== Dataset items ==
[Start of section]

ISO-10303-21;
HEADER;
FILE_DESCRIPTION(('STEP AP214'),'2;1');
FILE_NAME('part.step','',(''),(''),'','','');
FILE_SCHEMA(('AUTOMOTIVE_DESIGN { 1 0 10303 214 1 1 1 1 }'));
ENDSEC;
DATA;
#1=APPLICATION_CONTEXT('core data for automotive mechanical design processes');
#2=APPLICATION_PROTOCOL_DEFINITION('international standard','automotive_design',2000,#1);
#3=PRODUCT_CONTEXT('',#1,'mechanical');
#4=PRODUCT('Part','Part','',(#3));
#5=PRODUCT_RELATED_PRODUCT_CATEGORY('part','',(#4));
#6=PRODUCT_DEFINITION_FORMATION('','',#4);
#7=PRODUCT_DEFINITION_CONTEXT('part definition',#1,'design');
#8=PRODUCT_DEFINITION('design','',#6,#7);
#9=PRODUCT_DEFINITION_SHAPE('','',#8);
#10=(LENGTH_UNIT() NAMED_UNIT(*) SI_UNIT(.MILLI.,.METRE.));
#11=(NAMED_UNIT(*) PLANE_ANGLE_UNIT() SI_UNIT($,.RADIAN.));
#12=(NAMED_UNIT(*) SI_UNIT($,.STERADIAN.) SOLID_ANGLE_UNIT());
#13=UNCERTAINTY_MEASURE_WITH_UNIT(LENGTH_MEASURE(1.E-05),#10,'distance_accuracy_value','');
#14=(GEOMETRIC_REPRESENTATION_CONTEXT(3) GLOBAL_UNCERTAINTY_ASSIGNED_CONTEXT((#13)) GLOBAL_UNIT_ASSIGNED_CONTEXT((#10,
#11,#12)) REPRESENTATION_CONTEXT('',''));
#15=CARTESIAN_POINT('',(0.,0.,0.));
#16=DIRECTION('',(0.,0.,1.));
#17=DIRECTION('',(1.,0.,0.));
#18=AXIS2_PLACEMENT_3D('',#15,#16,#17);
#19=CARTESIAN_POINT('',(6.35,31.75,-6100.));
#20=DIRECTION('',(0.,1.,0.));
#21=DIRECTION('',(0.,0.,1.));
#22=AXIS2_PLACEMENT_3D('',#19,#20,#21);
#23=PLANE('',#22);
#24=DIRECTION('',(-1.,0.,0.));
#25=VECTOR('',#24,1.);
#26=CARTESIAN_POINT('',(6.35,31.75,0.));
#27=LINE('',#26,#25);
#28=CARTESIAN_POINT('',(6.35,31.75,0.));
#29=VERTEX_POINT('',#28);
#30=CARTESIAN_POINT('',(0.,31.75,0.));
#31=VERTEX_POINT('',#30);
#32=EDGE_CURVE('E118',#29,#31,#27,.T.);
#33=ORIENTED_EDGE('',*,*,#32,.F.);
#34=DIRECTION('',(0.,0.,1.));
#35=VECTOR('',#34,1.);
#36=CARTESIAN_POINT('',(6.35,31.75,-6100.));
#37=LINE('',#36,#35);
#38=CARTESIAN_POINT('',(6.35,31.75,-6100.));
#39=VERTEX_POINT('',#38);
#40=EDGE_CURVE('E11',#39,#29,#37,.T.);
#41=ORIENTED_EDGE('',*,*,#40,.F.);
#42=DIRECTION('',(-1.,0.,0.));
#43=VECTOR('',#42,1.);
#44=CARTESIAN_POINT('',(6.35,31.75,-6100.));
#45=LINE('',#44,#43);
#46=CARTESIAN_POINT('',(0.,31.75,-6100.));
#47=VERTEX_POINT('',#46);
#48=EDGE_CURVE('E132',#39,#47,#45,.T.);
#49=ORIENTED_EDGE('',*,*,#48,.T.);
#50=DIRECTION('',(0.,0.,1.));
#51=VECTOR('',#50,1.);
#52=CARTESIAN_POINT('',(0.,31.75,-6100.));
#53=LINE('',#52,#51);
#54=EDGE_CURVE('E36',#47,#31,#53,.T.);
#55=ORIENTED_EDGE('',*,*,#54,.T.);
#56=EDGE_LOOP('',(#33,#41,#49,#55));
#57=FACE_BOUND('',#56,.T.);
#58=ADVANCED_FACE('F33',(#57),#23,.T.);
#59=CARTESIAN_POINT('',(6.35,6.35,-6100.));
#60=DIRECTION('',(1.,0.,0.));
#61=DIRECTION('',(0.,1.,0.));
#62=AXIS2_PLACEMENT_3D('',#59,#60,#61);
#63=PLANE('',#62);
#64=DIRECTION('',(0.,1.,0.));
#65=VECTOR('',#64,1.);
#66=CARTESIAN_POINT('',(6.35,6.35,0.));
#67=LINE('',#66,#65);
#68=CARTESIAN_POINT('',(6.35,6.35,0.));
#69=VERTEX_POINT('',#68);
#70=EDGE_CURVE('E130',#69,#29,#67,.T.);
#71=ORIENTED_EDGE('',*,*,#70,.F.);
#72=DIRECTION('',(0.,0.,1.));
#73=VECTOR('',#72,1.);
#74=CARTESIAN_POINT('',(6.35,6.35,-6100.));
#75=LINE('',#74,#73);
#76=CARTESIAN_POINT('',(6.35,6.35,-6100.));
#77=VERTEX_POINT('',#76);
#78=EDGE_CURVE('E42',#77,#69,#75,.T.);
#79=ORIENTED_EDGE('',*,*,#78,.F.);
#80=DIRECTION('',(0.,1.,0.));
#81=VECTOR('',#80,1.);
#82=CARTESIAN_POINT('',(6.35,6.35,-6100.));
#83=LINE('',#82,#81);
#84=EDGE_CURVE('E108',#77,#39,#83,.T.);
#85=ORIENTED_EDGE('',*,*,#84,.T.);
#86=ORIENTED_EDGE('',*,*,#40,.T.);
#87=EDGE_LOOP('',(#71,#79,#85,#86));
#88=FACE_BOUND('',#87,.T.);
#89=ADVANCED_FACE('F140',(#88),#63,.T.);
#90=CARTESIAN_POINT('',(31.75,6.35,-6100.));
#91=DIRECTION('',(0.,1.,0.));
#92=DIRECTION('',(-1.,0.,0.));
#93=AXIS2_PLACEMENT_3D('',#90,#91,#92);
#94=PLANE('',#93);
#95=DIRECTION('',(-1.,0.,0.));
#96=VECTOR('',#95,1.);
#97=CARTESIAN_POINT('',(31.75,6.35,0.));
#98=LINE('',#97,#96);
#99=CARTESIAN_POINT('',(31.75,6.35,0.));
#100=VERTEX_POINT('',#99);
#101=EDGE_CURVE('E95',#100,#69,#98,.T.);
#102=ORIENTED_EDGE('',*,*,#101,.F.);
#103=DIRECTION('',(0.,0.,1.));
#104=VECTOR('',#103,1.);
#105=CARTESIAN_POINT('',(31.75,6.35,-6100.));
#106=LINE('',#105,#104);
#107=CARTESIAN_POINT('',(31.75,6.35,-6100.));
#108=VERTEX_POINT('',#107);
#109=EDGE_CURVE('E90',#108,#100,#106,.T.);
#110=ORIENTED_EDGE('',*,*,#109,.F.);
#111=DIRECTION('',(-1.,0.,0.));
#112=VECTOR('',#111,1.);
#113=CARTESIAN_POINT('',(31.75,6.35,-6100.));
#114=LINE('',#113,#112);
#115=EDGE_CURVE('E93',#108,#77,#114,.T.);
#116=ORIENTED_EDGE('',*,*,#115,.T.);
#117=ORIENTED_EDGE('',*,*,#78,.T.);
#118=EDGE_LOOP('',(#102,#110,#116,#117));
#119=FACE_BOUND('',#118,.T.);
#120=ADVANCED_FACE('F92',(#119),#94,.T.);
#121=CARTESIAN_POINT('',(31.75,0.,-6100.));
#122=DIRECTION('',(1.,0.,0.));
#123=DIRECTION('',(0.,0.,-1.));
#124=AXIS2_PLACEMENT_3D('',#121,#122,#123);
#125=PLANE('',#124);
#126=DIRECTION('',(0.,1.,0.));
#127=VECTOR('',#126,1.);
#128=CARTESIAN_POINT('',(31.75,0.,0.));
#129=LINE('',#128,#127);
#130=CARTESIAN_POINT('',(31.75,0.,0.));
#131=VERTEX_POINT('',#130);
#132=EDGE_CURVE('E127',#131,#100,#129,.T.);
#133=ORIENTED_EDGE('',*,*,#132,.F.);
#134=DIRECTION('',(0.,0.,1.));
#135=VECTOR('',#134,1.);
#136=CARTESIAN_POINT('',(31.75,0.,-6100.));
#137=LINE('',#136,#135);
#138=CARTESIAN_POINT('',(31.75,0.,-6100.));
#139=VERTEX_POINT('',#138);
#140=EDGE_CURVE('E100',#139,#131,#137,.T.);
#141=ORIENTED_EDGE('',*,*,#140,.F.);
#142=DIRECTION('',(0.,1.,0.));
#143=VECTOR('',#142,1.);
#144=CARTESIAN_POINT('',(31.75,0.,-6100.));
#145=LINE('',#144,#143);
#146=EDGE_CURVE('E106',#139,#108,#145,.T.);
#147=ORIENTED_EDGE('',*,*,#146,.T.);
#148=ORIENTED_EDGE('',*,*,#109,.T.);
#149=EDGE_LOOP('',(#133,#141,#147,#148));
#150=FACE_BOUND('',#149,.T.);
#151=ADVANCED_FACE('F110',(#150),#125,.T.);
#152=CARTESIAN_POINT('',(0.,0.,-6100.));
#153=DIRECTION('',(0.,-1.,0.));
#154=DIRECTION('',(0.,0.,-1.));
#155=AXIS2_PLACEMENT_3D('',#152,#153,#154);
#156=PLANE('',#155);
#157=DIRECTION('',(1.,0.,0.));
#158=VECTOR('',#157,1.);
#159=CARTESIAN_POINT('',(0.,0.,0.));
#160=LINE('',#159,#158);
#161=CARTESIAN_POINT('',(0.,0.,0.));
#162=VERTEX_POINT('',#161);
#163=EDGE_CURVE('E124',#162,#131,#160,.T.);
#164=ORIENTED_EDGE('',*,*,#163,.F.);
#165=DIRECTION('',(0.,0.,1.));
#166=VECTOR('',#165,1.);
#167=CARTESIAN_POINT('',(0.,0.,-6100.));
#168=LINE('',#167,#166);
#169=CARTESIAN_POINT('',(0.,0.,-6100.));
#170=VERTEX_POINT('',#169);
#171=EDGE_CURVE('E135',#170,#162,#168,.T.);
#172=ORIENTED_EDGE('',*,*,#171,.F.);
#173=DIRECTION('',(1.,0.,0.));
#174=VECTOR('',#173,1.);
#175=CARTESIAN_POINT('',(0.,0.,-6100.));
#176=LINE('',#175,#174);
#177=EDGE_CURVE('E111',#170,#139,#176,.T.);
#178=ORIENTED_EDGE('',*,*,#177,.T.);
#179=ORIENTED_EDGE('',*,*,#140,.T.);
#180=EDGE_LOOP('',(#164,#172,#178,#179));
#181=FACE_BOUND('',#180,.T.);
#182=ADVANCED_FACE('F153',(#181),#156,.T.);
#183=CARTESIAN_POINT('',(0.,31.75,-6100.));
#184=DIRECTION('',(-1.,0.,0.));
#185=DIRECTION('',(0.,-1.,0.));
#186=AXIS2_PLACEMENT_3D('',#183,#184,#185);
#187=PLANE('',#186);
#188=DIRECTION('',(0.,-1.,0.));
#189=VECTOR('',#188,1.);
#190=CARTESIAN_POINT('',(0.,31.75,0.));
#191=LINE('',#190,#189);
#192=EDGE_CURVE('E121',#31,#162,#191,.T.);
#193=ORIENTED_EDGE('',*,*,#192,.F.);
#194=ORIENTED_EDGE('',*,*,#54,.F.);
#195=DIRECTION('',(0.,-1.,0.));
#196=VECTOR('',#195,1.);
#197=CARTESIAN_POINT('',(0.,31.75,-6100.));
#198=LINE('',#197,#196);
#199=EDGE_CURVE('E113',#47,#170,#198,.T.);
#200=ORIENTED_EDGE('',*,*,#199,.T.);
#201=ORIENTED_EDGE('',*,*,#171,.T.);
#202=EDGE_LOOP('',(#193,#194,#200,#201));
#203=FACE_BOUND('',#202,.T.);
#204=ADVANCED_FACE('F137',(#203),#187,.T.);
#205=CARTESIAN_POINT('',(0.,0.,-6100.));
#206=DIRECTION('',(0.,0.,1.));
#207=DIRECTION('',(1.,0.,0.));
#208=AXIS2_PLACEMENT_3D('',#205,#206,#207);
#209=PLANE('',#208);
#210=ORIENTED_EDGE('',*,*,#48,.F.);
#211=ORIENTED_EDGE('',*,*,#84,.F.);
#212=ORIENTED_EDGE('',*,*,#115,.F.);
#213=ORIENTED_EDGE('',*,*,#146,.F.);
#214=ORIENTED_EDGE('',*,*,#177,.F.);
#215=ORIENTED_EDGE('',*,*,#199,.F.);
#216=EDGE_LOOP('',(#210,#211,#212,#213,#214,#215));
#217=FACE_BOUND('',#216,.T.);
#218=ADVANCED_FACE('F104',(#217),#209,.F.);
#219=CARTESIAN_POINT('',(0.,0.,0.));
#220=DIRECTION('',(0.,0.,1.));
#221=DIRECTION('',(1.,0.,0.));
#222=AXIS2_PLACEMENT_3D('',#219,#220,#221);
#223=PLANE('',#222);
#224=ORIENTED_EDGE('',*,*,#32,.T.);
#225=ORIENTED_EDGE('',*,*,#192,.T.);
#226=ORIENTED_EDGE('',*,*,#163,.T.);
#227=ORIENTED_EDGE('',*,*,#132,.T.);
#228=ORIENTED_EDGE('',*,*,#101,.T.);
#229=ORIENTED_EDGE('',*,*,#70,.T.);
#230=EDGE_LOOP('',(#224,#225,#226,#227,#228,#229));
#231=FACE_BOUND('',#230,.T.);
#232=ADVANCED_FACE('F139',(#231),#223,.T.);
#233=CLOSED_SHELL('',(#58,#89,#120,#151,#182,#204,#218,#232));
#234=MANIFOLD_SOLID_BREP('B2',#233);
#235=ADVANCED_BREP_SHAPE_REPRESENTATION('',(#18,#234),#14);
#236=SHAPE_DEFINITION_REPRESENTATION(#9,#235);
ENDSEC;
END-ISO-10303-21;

[End of section]

== Work required ==
Give the number of lines above that hold the word "mechanical", and nothing more.

== Exercise answer ==
2